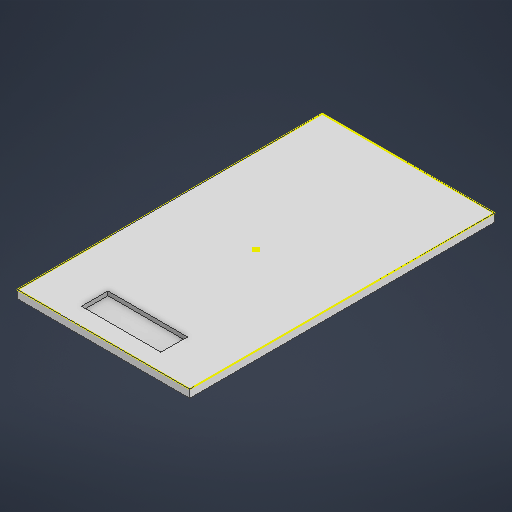
# Autodesk Inventor part: Rear_Port_Slider
Saved by Autodesk Inventor 2026.2 (Build 302298010, 298A)
## iProperties
Created: 2026-05-31
Part Number: Rear_Port_Slider
Material: Generic
Document SubType Name: Modeling
Designer: Srishanth Dhondy
Density: 1 g/cm^3
Appearance: Default
Author: Srishanth Dhondy
Autodesk Inventor part; units mm, degrees
ref_plane "YZ Plane" through (0, 0, 0) normal (1, 0, 0) x (0, 1, 0)
ref_plane "XZ Plane" through (0, 0, 0) normal (0, 1, 0) x (-1, 0, 0)
ref_plane "XY Plane" through (0, 0, 0) normal (0, 0, 1) x (1, 0, 0)
sketch "Sketch1" plane through (0, 0, 0) normal (0, 1, 0) x (-1, 0, 0)
  line L0 (-32.5, -57.5) -> (32.5, -57.5)
  line L1 (32.5, -57.5) -> (32.5, 57.5)
  line L2 (32.5, 57.5) -> (-32.5, 57.5)
  line L3 (-32.5, 57.5) -> (-32.5, -57.5)
  line L4 (-32.5, -57.5) -> (32.5, 57.5) construction
  line L5 (32.5, -57.5) -> (-32.5, 57.5) construction
  point P0 (0, 0)
  dimension "Sliding_Plate_Length" = 65
  dimension "Sliding_Plate_Width" = 115
  constraints: 12 end point, 2 midpoint, 2 parallel, 1 horizontal, 1 perpendicular
  measures "Sliding_Plate_Length" distance of L2.end L1.end
  measures "Sliding_Plate_Width" distance of L1.end L0.end
extrude "Extrusion1" add sketch "Sketch1" along normal blind 3
sketch "Sketch2" plane through (0, 3, 0) normal (0, 1, 0) x (1, 0, 0)
  line L0 (-32.5, 57.5) -> (-32.5, -57.5) projected
  line L1 (-32.5, -57.5) -> (32.5, -57.5) projected
  line L2 (32.5, -57.5) -> (32.5, 57.5) projected
  line L3 (32.5, 57.5) -> (-32.5, 57.5) projected
  point P0 (0, 0)
sketch "Sketch3" plane through (0, 3, 0) normal (0, 1, 0) x (1, 0, 0)
  line L0 (15, -50.862) -> (-15, -50.862)
  line L1 (-15, -50.862) -> (-15, -40.862)
  line L2 (-15, -40.862) -> (15, -40.862)
  line L3 (15, -40.862) -> (15, -50.862)
  line L4 (15, -50.862) -> (-15, -40.862) construction
  line L5 (-15, -50.862) -> (15, -40.862) construction
  point P0 (0, 0)
  point P1 (0, -45.862)
  dimension "d6" = 30
  dimension "d7" = 10
  constraints: 12 end point, 2 midpoint, 2 parallel, 1 horizontal, 1 perpendicular
  measures "d6" distance of L1.end L2.end
  measures "d7" distance of L0.end L1.end
extrude "Extrusion2" cut sketch "Sketch3" against normal blind 1.55
body "Solid1"
Autodesk Fusion 360 part; units mm, degrees
(part 15 of 20)
  line L330 (29.8938, -739.4997) -> (29.2799, -739.4997)
  line L331 (20.1598, -739.4999) -> (19.5459, -739.4999)
  line L332 (19.5459, -739.4999) -> (19.5458, -735.5879)
  spline S948 degree 3 poles (19.5458, -735.5879) (19.4621, -735.6608) (19.2807, -735.8186) (19.0751, -735.9436) (18.9643, -736.0109) knots 0 0 0 0 0.033221 0.072019 0.072019 0.072019 0.072019
  spline S949 degree 3 poles (18.9643, -736.0109) (18.8518, -736.0753) (18.6431, -736.1948) (18.4206, -736.286) (18.318, -736.3281) knots 0 0 0 0 0.03884 0.072064 0.072064 0.072064 0.072064
  line L333 (18.318, -736.3281) -> (18.318, -735.7346)
  spline S950 degree 3 poles (18.318, -735.7346) (18.4826, -735.6511) (18.804, -735.488) (19.0825, -735.2595) (19.2184, -735.148) knots 0 0 0 0 0.05519 0.10775 0.10775 0.10775 0.10775
  spline S951 degree 3 poles (19.2184, -735.148) (19.3344, -735.0399) (19.5471, -734.8418) (19.6962, -734.5927) (19.7641, -734.4795) knots 0 0 0 0 0.047275 0.086674 0.086674 0.086674 0.086674
  line L334 (19.7641, -734.4795) -> (20.1597, -734.4795)
  line L335 (20.1597, -734.4795) -> (20.1598, -739.4999)
  line L336 (28.5502, -789.465) -> (28.5499, -785.8429)
  line L337 (28.5499, -785.8429) -> (29.0991, -785.8429)
  line L338 (29.0991, -785.8429) -> (29.0991, -786.3511)
  spline S952 degree 3 poles (29.0991, -786.3511) (29.161, -786.2665) (29.2859, -786.096) (29.4633, -785.981) (29.5527, -785.923) knots 0 0 0 0 0.031158 0.062835 0.062835 0.062835 0.062835
  spline S953 degree 3 poles (29.5527, -785.923) (29.6519, -785.8758) (29.8557, -785.7786) (30.0814, -785.767) (30.1973, -785.761) knots 0 0 0 0 0.032617 0.067048 0.067048 0.067048 0.067048
  spline S954 degree 3 poles (30.1973, -785.761) (30.3218, -785.7657) (30.5542, -785.7745) (30.7612, -785.8794) (30.8572, -785.928) knots 0 0 0 0 0.036859 0.068796 0.068796 0.068796 0.068796
  spline S955 degree 3 poles (30.8572, -785.928) (30.9369, -785.9898) (31.0979, -786.1144) (31.1794, -786.301) (31.2205, -786.3953) knots 0 0 0 0 0.029725 0.060035 0.060035 0.060035 0.060035
  spline S956 degree 3 poles (31.2205, -786.3953) (31.3707, -786.2103) (31.6618, -785.8517) (32.1182, -785.7905) (32.3392, -785.7608) knots 0 0 0 0 0.068625 0.133023 0.133023 0.133023 0.133023
  spline S957 degree 3 poles (32.3392, -785.7608) (32.5042, -785.7692) (32.8121, -785.7849) (33.0552, -785.9723) (33.168, -786.0592) knots 0 0 0 0 0.048244 0.08997 0.08997 0.08997 0.08997
  spline S958 degree 3 poles (33.168, -786.0592) (33.2523, -786.1815) (33.4417, -786.4564) (33.4522, -786.792) (33.4579, -786.9783) knots 0 0 0 0 0.043695 0.098195 0.098195 0.098195 0.098195
  line L339 (33.4579, -786.9783) -> (33.4581, -789.4647)
  line L340 (33.4581, -789.4647) -> (32.8476, -789.4647)
  line L341 (32.8476, -789.4647) -> (32.8475, -787.183)
  spline S959 degree 3 poles (32.8475, -787.183) (32.8474, -787.0768) (32.8474, -786.8975) (32.805, -786.7235) (32.7877, -786.6526) knots 0 0 0 0 0.031711 0.053535 0.053535 0.053535 0.053535
  spline S960 degree 3 poles (32.7877, -786.6526) (32.7633, -786.601) (32.7134, -786.4956) (32.6192, -786.4268) (32.5711, -786.3918) knots 0 0 0 0 0.016863 0.034394 0.034394 0.034394 0.034394
  spline S961 degree 3 poles (32.5711, -786.3918) (32.5154, -786.3629) (32.4, -786.3032) (32.27, -786.2964) (32.2028, -786.2929) knots 0 0 0 0 0.018597 0.038532 0.038532 0.038532 0.038532
  spline S962 degree 3 poles (32.2028, -786.2929) (32.0816, -786.3027) (31.8437, -786.3219) (31.6591, -786.4729) (31.5684, -786.547) knots 0 0 0 0 0.035532 0.069798 0.069798 0.069798 0.069798
  spline S963 degree 3 poles (31.5684, -786.547) (31.4951, -786.6537) (31.328, -786.8969) (31.3204, -787.1938) (31.3161, -787.3605) knots 0 0 0 0 0.038079 0.086792 0.086792 0.086792 0.086792
  line L342 (31.3161, -787.3605) -> (31.3162, -789.4648)
  line L343 (31.3162, -789.4648) -> (30.7023, -789.4649)
  line L344 (30.7023, -789.4649) -> (30.7022, -787.1115)
  spline S964 degree 3 poles (30.7022, -787.1115) (30.6997, -786.9895) (30.6954, -786.7727) (30.5956, -786.5813) (30.552, -786.4976) knots 0 0 0 0 0.036008 0.063954 0.063954 0.063954 0.063954
  spline S965 degree 3 poles (30.552, -786.4976) (30.4898, -786.4381) (30.3536, -786.3077) (30.1639, -786.2982) (30.0609, -786.293) knots 0 0 0 0 0.025037 0.054812 0.054812 0.054812 0.054812
  spline S966 degree 3 poles (30.0609, -786.293) (29.9761, -786.2987) (29.8067, -786.3101) (29.6567, -786.3897) (29.5817, -786.4295) knots 0 0 0 0 0.025172 0.050327 0.050327 0.050327 0.050327
  spline S967 degree 3 poles (29.5817, -786.4295) (29.5131, -786.4812) (29.3728, -786.5868) (29.3, -786.7468) (29.2628, -786.8286) knots 0 0 0 0 0.025339 0.051812 0.051812 0.051812 0.051812
  spline S968 degree 3 poles (29.2628, -786.8286) (29.2341, -786.9349) (29.1673, -787.1824) (29.1652, -787.4392) (29.164, -787.5857) knots 0 0 0 0 0.032907 0.076633 0.076633 0.076633 0.076633
  line L345 (29.164, -787.5857) -> (29.1641, -789.465)
  line L346 (29.1641, -789.465) -> (28.5502, -789.465)
  line L347 (27.416, -838.1729) -> (28.0197, -838.2513)
  spline S969 degree 3 poles (28.0197, -838.2513) (27.9771, -838.4452) (27.8953, -838.817) (27.6369, -839.0953) (27.5133, -839.2285) knots 0 0 0 0 0.058356 0.111856 0.111856 0.111856 0.111856
  spline S970 degree 3 poles (27.5133, -839.2285) (27.3672, -839.3314) (27.0671, -839.5429) (26.7004, -839.5684) (26.5123, -839.5815) knots 0 0 0 0 0.052559 0.107965 0.107965 0.107965 0.107965
  spline S971 degree 3 poles (26.5123, -839.5815) (26.2792, -839.564) (25.8276, -839.5301) (25.4834, -839.2373) (25.3168, -839.0956) knots 0 0 0 0 0.068154 0.132052 0.132052 0.132052 0.132052
  spline S972 degree 3 poles (25.3168, -839.0956) (25.1853, -838.9048) (24.8974, -838.4874) (24.8763, -837.9786) (24.8649, -837.7023) knots 0 0 0 0 0.068157 0.149141 0.149141 0.149141 0.149141
  spline S973 degree 3 poles (24.8649, -837.7023) (24.8712, -837.5171) (24.8832, -837.1646) (25.0026, -836.833) (25.0592, -836.6757) knots 0 0 0 0 0.055211 0.105055 0.105055 0.105055 0.105055
  spline S974 degree 3 poles (25.0592, -836.6757) (25.1314, -836.5388) (25.2736, -836.2692) (25.5265, -836.0993) (25.651, -836.0157) knots 0 0 0 0 0.04564 0.089884 0.089884 0.089884 0.089884
  spline S975 degree 3 poles (25.651, -836.0157) (25.7869, -835.9516) (26.0608, -835.8223) (26.3632, -835.8046) (26.5156, -835.7957) knots 0 0 0 0 0.044643 0.089955 0.089955 0.089955 0.089955
  spline S976 degree 3 poles (26.5156, -835.7957) (26.6993, -835.8051) (27.0472, -835.8228) (27.3418, -836.0071) (27.4808, -836.0941) knots 0 0 0 0 0.054149 0.102527 0.102527 0.102527 0.102527
  spline S977 degree 3 poles (27.4808, -836.0941) (27.5953, -836.2076) (27.8343, -836.4446) (27.9181, -836.7714) (27.9617, -836.9416) knots 0 0 0 0 0.047449 0.099081 0.099081 0.099081 0.099081
  line L348 (27.9617, -836.9416) -> (27.3648, -837.0337)
  spline S978 degree 3 poles (27.3648, -837.0337) (27.334, -836.9224) (27.2765, -836.7149) (27.1306, -836.5575) (27.063, -836.4846) knots 0 0 0 0 0.034086 0.063475 0.063475 0.063475 0.063475
  spline S979 degree 3 poles (27.063, -836.4846) (26.986, -836.4309) (26.8287, -836.3212) (26.6372, -836.3075) (26.5394, -836.3005) knots 0 0 0 0 0.027619 0.056426 0.056426 0.056426 0.056426
  spline S980 degree 3 poles (26.5394, -836.3005) (26.3928, -836.3135) (26.1037, -836.3393) (25.8907, -836.5361) (25.7857, -836.6331) knots 0 0 0 0 0.04285 0.084486 0.084486 0.084486 0.084486
  spline S981 degree 3 poles (25.7857, -836.6331) (25.7015, -836.7726) (25.5077, -837.0941) (25.5001, -837.4716) (25.4958, -837.6852) knots 0 0 0 0 0.048123 0.11083 0.11083 0.11083 0.11083
  spline S982 degree 3 poles (25.4958, -837.6852) (25.4994, -837.901) (25.5057, -838.2797) (25.6944, -838.6057) (25.7755, -838.7459) knots 0 0 0 0 0.063398 0.111295 0.111295 0.111295 0.111295
  spline S983 degree 3 poles (25.7755, -838.7459) (25.8767, -838.8424) (26.0813, -839.0376) (26.363, -839.0636) (26.5054, -839.0768) knots 0 0 0 0 0.040675 0.082263 0.082263 0.082263 0.082263
  spline S984 degree 3 poles (26.5054, -839.0768) (26.6198, -839.0685) (26.8427, -839.0525) (27.0219, -838.9197) (27.1091, -838.855) knots 0 0 0 0 0.033628 0.065508 0.065508 0.065508 0.065508
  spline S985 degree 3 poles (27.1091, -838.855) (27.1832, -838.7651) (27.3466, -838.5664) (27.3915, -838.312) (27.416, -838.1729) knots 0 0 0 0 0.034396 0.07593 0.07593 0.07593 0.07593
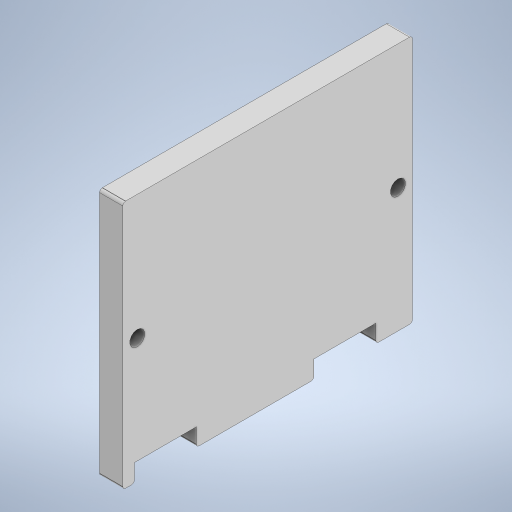
# Autodesk Inventor part: pokrywa
Saved by Autodesk Inventor 2023.5 (Build 275446000, 446)
## iProperties
Created: 2025-04-01
Part Number: pokrywa
Material: Ogólny
Document SubType Name: Modeling
Designer: kamil
Density: 1 g/cm^3
Appearance: Domyślna
Author: kamil
Autodesk Inventor part; units mm, degrees
ref_plane "YZ Plane" through (0, 0, 0) normal (1, 0, 0) x (0, 1, 0)
ref_plane "XZ Plane" through (0, 0, 0) normal (0, 1, 0) x (-1, 0, 0)
ref_plane "XY Plane" through (0, 0, 0) normal (0, 0, 1) x (1, 0, 0)
sketch "Szkic1" plane through (0, 0, 0) normal (1, 0, 0) x (0, 1, 0)
  line L0 (10.7442, -21.3655) -> (23.7442, -21.3655)
  line L1 (23.7442, -21.3655) -> (23.8098, -21.3634)
  arc A0 (23.8098, -21.3634) -> (24.2442, -20.8655) centre (23.7464, -20.8696) ccw
  line L2 (24.2442, -20.8655) -> (24.2442, 28.1345)
  line L3 (24.2442, 28.1345) -> (24.2421, 28.2)
  arc A1 (24.2421, 28.2) -> (23.7442, 28.6345) centre (23.7483, 28.1367) ccw
  line L4 (23.7442, 28.6345) -> (10.7442, 28.6345)
  line L5 (10.7442, 28.6345) -> (10.6787, 28.6324)
  line L6 (3.7484, 28.6345) -> (-18.1981, 28.6345)
  line L7 (-18.1981, 28.6345) -> (-18.2637, 28.6326)
  arc A2 (-18.2637, 28.6326) -> (-18.6981, 28.1345) centre (-18.2006, 28.139) ccw
  line L8 (-18.6981, 28.1345) -> (-18.6981, 27.1345)
  line L9 (-18.6981, 27.1345) -> (-18.6962, 27.0689)
  arc A3 (-18.6962, 27.0689) -> (-18.1981, 26.6345) centre (-18.2025, 27.1322) ccw
  line L10 (-18.1981, 26.6345) -> (-15.6162, 26.6345)
  line L11 (-15.6162, 26.6345) -> (-15.6162, 15.9345)
  line L12 (-15.6162, 15.9345) -> (-18.2023, 15.9345)
  line L13 (-18.2023, 15.9345) -> (-18.2679, 15.9326)
  arc A4 (-18.2679, 15.9326) -> (-18.7023, 15.4345) centre (-18.2048, 15.439) ccw
  line L14 (-18.7023, 15.4345) -> (-18.7023, -3.8655)
  line L15 (-18.7023, -3.8655) -> (-18.7004, -3.9311)
  arc A5 (-18.7004, -3.9311) -> (-18.2023, -4.3655) centre (-18.2067, -3.8678) ccw
  line L16 (-18.2023, -4.3655) -> (-15.6162, -4.3655)
  line L17 (-15.6162, -4.3655) -> (-15.6162, -15.0655)
  line L18 (-15.6162, -15.0655) -> (-18.2023, -15.0655)
  line L19 (-18.2023, -15.0655) -> (-18.2679, -15.0674)
  arc A6 (-18.2679, -15.0674) -> (-18.7023, -15.5655) centre (-18.2048, -15.561) ccw
  line L20 (-18.7023, -15.5655) -> (-18.7023, -20.8655)
  line L21 (-18.7023, -20.8655) -> (-18.7004, -20.9311)
  arc A7 (-18.7004, -20.9311) -> (-18.2023, -21.3655) centre (-18.2067, -20.8678) ccw
  line L22 (-18.2023, -21.3655) -> (3.7442, -21.3655)
  line L23 (3.7442, -21.3655) -> (3.8621, -21.3632)
  circle A8 centre (2.7442, 26.1345) radius 1.3
  circle A9 centre (2.7442, -18.8655) radius 1.3
  line L24 (10.7442, 28.6345) -> (3.7484, 28.6345)
  line L25 (3.7442, -21.3655) -> (10.7442, -21.3655)
  point P0 (0, 0)
  constraints: 52 end point, 16 point on circle, 10 centre point, 10 horizontal, 6 vertical, 1 parallel, 65 other
extrude "Wyciągnięcie proste1" add sketch "Szkic1" along normal blind 4
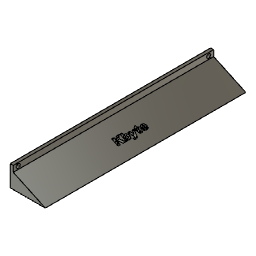
levanta-robo (Autodesk Fusion 360 design; units mm, degrees)
Autodesk Fusion 360 part; units mm, degrees
sketch "Sketch1" plane through (0, 0, 0) normal (0, 1, 0) x (1, 0, 0)
  line L0 (0, 0) -> (35, 0)
  line L1 (0, -20.9218) -> (0, 0)
  line L2 (0, -20.9218) -> (3, -20.9218)
  line L3 (3, -20.9218) -> (3, -14.9218)
  line L4 (3, -14.9218) -> (35, 0)
  dimension "d1" = 35
  dimension "d7" = 3
  dimension "d8" = 25
  dimension "d10" = 6
  constraint coincident L0.start L1.end
  constraint horizontal L0
  constraint perpendicular L0 L1
  constraint perpendicular L1 L2
  constraint perpendicular L2 L3
  measures "d1" distance of L0.start L0.end
  measures "d7" distance of L1.start L2.end
  measures "d8" angle of L0 L4
  measures "d10" distance of L2.end L3.end
extrude "Extrude1" add sketch "Sketch1" along normal blind 200
sketch "Sketch2" plane through (3, 0, 0) normal (1, 0, 0) x (0, 1, 0)
  line L0 (0, 20.9218) -> (0, 14.9218)
  line L1 (0, 14.9218) -> (200, 14.9218)
  line L2 (200, 14.9218) -> (200, 20.9218)
  line L3 (200, 20.9218) -> (0, 20.9218)
  line L4 (10, 20.9218) -> (10, 14.9218)
  line L5 (190, 20.9218) -> (190, 14.9218)
  line L6 (10, 17.9218) -> (0, 17.9218) construction
  line L7 (5, 20.9218) -> (5, 14.9218) construction
  circle A0 centre (5, 17.9218) radius 2
  line L8 (190, 17.9218) -> (200, 17.9218) construction
  line L9 (195, 20.9218) -> (195, 14.9218) construction
  circle A1 centre (195, 17.9218) radius 2
  dimension "d11" = 10
  dimension "d12" = 5
  dimension "d13" = 4
  dimension "d14" = 10
  dimension "d15" = 5
  dimension "d16" = 4
  constraint coincident L3 L4.start
  constraint coincident L1 L4.end
  constraint perpendicular L1 L4
  constraint coincident L3 L5.start
  constraint coincident L1 L5.end
  constraint perpendicular L1 L5
  constraint midpoint L4 L6.start
  constraint midpoint L0 L6.end
  constraint coincident L3 L7.start
  constraint coincident L1 L7.end
  constraint perpendicular L1 L7
  constraint midpoint L6 A0.centre
  constraint midpoint L5 L8.start
  constraint midpoint L2 L8.end
  constraint coincident L3 L9.start
  constraint coincident L1 L9.end
  constraint perpendicular L1 L9
  constraint midpoint L8 A1.centre
  measures "d11" distance of L0 L4
  measures "d12" distance of L4 L7
  measures "d13" diameter of A0
  measures "d14" distance of L2 L5
  measures "d15" distance of L2 L9
  measures "d16" diameter of A1
extrude "Extrude2" cut sketch "Sketch2" against normal blind 3 contours A0 | A1
sketch "Sketch3" plane through (6.2512, 0, 13.4058) normal (0.422618, 0, 0.906308) x (0, 1, 0)
  line L0 (0, 3.5873) -> (0, -31.7208)
  line L1 (0, -31.7208) -> (200, -31.7208)
  line L2 (200, -31.7208) -> (200, 3.5873)
  line L3 (200, 3.5873) -> (0, 3.5873)
  line L4 (84.419, -20.8818) -> (115.5811, -20.8818) construction
  line L5 (115.5811, -20.8818) -> (115.5811, -10.8818) construction
  line L6 (115.5811, -10.8818) -> (84.419, -10.8818) construction
  line L7 (84.419, -10.8818) -> (84.419, -20.8818) construction
  dimension "d19" = 84.419
  dimension "d20" = 10.839
  dimension "d21" = 10
  text T0 "Kbyte" font "Arial Black" height 10 align ink ink in box 0 x 0 at (84.419, -20.8818) x (1, 0) y (0, 1) spacing 1 height is em
  constraint perpendicular L4 L5
  constraint parallel L4 L6
  constraint parallel L5 L7
  measures "d19" distance of L0 L7
  measures "d20" distance of L1 L4
  measures "d21" distance of L4.end L5.end
extrude "Extrude3" cut sketch "Sketch3" against normal blind 5 text T0
——
Task>
Every line of the records that includes the word "Srishanth" should be gathered.

Result>
Designer: Srishanth Dhondy
Author: Srishanth Dhondy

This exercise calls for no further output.